To do: Lines holding the word "sides" must be located in the listing below and copied.

Input records:
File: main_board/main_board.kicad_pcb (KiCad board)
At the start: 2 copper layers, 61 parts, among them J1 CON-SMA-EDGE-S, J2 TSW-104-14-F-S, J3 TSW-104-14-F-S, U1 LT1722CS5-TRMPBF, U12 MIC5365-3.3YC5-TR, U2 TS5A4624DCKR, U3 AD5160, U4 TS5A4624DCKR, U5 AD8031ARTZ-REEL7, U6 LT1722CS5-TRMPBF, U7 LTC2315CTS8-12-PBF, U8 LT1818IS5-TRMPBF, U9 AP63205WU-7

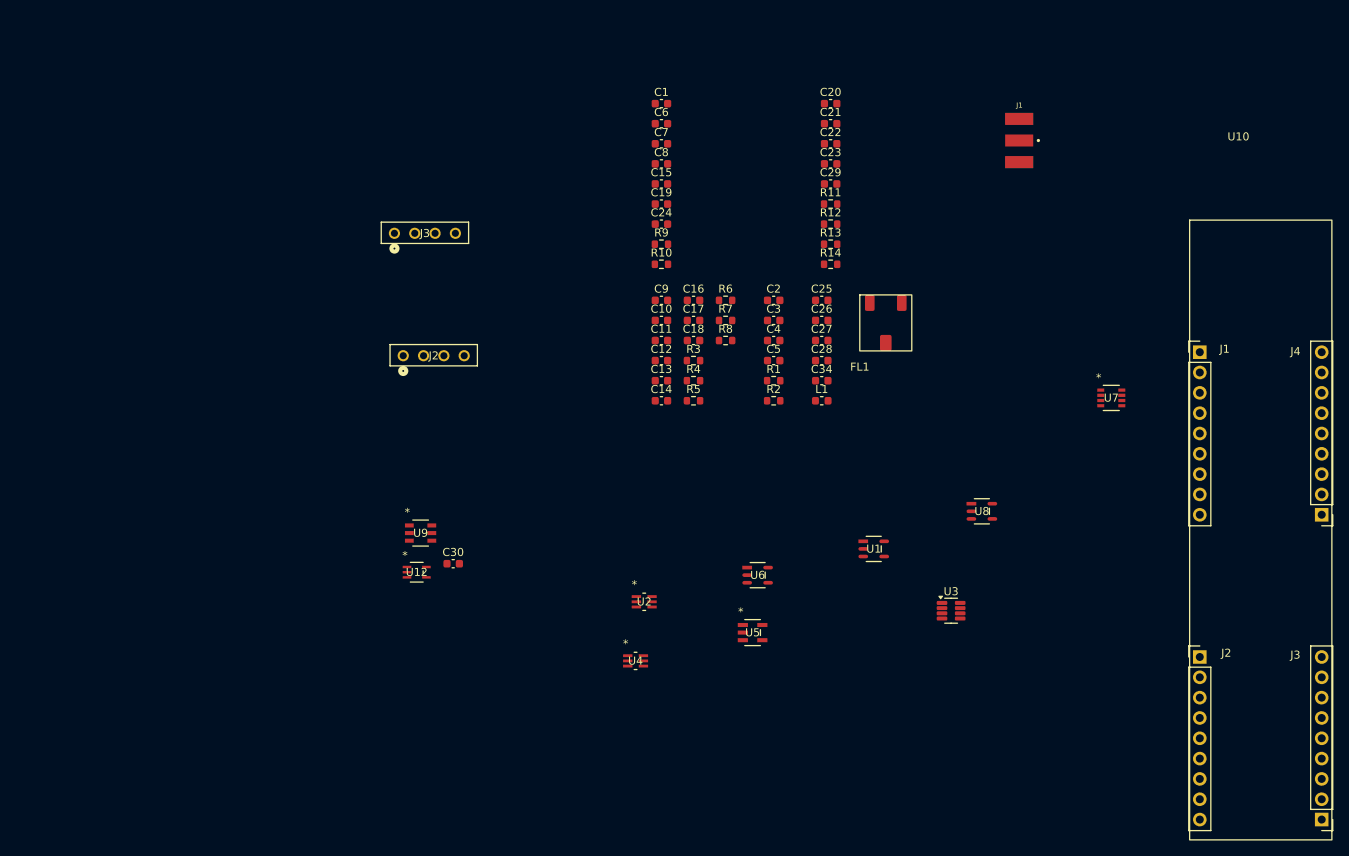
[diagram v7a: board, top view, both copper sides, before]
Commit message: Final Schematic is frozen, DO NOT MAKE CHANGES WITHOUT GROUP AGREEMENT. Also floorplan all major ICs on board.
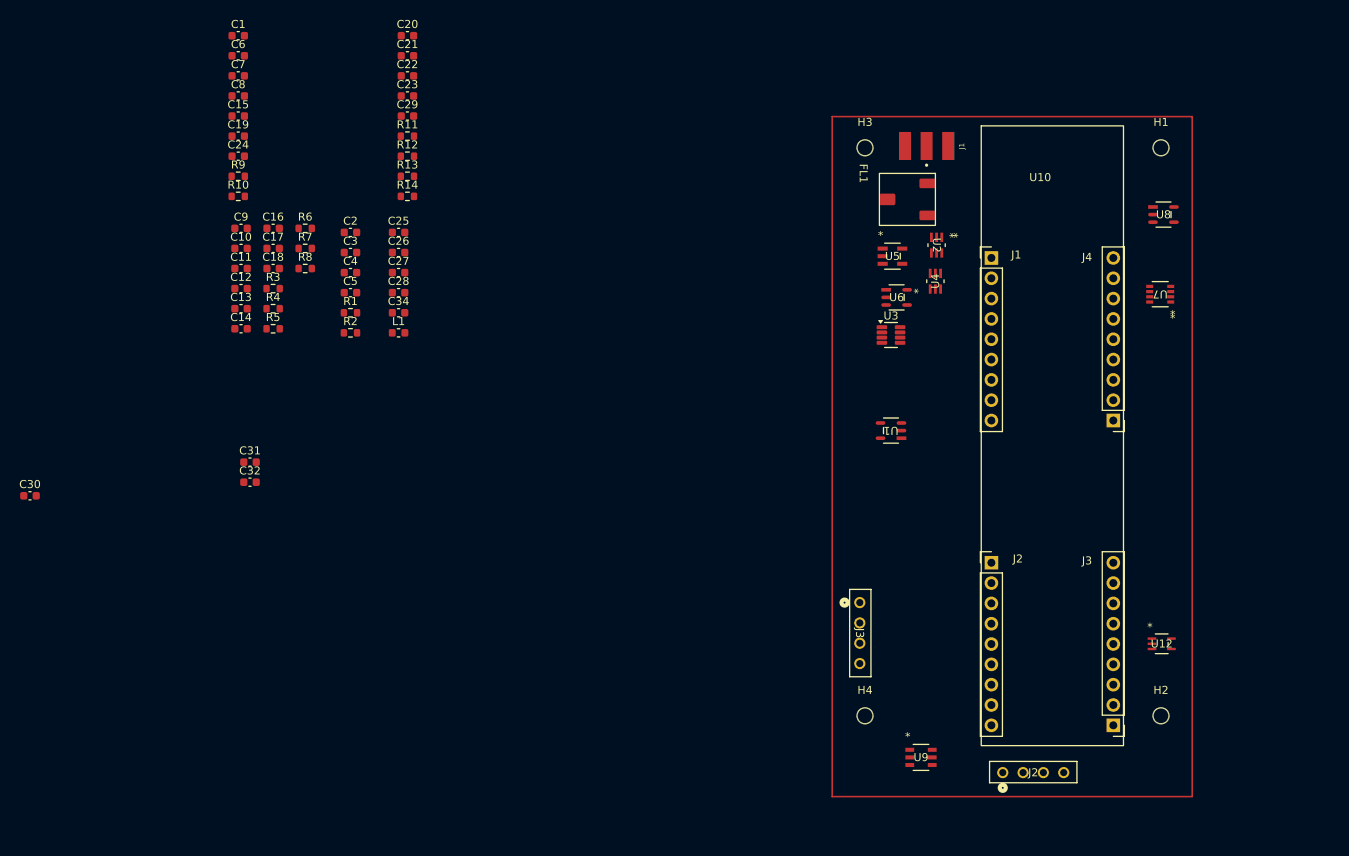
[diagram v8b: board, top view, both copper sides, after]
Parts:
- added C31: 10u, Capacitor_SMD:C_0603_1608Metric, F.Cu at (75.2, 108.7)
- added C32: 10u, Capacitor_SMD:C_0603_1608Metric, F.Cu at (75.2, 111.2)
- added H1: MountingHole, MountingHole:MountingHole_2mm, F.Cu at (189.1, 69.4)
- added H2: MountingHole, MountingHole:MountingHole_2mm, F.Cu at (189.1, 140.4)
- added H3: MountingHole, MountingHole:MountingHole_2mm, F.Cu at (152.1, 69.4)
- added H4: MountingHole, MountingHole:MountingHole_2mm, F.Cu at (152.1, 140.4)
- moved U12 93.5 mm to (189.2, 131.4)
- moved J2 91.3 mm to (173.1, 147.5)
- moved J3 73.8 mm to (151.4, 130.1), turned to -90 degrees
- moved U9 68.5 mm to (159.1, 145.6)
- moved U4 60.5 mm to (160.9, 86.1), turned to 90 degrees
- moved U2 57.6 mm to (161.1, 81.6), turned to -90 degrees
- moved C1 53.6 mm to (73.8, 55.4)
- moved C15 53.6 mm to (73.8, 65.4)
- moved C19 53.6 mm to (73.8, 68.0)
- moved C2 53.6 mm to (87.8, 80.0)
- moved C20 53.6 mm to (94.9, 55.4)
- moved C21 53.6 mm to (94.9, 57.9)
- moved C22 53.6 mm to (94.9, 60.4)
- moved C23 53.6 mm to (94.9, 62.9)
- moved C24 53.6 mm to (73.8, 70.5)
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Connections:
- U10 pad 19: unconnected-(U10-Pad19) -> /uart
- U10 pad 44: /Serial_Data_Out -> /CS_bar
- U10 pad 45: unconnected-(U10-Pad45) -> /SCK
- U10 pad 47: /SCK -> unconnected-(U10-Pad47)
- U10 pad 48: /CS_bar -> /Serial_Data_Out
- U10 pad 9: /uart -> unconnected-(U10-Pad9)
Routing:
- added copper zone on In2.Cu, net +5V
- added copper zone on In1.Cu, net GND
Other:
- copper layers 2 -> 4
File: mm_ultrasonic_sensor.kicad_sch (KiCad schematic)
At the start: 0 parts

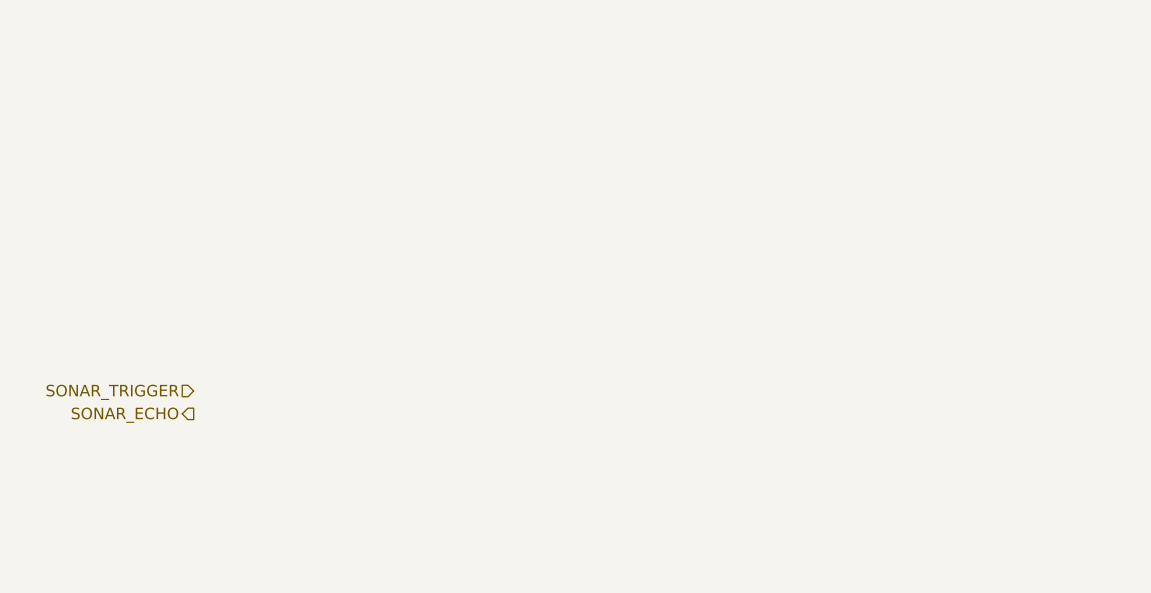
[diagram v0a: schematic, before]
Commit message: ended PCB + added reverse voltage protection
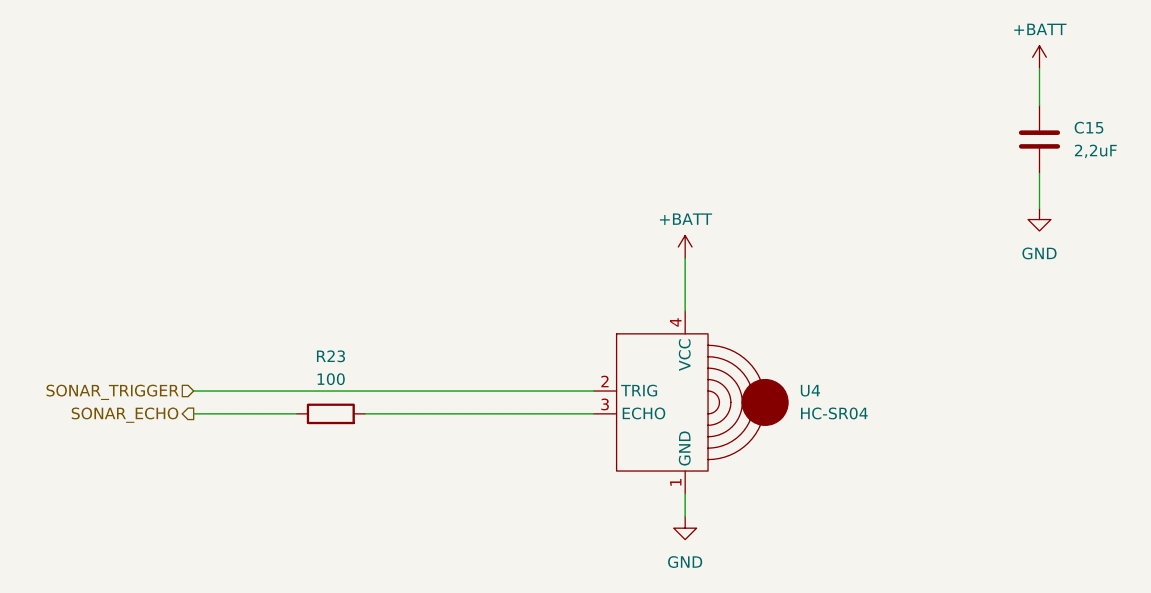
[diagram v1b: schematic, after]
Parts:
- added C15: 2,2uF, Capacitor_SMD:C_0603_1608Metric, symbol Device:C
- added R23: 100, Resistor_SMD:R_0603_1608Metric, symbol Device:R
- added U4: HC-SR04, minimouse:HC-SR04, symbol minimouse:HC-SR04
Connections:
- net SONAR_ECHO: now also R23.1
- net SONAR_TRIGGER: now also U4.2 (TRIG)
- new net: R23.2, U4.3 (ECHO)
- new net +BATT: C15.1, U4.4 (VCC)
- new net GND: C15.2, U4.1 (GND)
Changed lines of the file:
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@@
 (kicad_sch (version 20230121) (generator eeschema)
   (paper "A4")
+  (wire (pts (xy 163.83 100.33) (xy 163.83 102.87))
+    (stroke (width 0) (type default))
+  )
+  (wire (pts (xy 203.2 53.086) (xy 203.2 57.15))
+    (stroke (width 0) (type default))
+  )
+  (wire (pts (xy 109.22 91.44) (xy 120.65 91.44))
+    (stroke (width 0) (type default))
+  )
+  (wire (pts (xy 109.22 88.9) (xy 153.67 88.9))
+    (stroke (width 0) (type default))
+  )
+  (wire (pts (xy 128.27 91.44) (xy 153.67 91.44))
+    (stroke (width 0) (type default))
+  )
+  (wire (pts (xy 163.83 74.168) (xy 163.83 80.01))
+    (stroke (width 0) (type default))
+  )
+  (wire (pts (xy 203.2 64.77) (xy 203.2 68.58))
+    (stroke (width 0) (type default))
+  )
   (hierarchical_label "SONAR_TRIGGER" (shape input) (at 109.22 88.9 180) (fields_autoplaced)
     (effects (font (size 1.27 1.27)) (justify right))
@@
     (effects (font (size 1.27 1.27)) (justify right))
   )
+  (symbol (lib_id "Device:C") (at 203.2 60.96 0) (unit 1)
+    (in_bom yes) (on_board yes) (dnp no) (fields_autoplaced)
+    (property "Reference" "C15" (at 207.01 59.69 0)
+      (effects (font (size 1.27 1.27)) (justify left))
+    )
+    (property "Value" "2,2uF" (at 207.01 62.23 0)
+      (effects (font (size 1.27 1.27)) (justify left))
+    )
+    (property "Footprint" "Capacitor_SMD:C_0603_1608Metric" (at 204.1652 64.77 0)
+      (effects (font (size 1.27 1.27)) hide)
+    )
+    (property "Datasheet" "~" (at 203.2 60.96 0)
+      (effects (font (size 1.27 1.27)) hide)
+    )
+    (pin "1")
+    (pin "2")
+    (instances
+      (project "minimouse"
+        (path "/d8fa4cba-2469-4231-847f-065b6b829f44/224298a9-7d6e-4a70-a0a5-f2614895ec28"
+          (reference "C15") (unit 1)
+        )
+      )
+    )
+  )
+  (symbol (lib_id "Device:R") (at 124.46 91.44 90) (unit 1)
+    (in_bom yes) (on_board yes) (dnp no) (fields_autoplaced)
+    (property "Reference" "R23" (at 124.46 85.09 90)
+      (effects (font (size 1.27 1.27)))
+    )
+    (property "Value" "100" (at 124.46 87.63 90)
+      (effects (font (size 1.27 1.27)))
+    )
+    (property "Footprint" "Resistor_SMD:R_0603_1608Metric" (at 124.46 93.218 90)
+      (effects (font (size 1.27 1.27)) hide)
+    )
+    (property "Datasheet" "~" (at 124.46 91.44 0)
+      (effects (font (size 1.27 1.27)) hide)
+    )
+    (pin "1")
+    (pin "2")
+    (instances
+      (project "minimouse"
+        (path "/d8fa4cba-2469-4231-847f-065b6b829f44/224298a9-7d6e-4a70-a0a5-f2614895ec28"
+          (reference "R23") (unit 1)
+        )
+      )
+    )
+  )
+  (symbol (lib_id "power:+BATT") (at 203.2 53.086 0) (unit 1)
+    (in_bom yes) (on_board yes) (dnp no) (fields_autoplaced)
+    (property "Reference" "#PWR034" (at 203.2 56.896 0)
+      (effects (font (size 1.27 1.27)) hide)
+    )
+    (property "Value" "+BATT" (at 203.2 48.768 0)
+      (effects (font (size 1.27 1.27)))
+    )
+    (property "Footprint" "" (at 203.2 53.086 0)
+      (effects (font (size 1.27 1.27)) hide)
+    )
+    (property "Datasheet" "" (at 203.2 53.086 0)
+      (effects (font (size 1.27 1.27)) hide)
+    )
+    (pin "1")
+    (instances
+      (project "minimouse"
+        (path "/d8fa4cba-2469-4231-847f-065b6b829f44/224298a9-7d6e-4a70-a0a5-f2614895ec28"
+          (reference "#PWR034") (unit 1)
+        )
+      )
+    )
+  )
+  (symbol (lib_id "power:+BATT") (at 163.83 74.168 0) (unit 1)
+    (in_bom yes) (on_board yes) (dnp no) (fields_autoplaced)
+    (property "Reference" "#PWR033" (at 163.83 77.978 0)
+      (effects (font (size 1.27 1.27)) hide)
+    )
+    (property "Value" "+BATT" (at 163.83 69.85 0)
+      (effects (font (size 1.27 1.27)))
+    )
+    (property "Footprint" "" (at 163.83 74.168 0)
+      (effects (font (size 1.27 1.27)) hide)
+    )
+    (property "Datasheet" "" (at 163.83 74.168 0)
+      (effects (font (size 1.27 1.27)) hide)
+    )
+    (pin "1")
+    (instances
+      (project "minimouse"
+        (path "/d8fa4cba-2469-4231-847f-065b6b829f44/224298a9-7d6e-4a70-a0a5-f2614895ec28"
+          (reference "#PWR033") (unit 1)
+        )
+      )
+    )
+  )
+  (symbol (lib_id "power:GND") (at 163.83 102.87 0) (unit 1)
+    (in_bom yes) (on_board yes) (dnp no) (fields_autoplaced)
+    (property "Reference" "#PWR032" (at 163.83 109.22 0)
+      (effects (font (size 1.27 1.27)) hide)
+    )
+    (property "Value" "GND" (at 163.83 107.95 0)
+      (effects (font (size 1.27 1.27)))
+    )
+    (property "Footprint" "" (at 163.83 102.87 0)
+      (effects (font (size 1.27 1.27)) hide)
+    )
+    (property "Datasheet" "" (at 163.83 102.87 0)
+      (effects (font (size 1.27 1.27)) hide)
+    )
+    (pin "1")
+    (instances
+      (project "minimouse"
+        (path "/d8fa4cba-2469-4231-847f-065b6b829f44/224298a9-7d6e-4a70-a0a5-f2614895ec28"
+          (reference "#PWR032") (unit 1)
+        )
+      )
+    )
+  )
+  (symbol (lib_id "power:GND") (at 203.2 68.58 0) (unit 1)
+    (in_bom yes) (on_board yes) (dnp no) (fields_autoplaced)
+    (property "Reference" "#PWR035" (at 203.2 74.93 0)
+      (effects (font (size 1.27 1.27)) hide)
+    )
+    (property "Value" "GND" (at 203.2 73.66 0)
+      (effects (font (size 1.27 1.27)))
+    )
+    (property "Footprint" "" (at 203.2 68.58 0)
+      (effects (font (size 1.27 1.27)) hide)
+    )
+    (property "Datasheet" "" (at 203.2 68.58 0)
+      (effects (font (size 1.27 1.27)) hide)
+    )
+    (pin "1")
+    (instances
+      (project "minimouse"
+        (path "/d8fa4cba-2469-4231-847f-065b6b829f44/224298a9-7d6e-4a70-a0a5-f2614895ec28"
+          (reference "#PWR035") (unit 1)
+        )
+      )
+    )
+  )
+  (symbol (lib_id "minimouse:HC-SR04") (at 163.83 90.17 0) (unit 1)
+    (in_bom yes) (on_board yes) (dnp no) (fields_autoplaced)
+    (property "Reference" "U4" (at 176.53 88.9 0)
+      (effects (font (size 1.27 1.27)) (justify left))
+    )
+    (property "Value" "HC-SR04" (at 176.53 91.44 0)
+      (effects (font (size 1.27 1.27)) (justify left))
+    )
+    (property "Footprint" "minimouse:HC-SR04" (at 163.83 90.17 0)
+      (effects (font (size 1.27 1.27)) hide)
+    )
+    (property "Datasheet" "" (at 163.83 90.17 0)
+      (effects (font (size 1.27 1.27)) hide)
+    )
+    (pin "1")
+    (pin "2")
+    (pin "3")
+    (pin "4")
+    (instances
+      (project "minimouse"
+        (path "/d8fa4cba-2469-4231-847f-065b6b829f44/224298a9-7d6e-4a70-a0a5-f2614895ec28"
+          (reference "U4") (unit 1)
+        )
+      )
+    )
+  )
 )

Written solution:
[diagram v7a: board, top view, both copper sides, before]
[diagram v8b: board, top view, both copper sides, after]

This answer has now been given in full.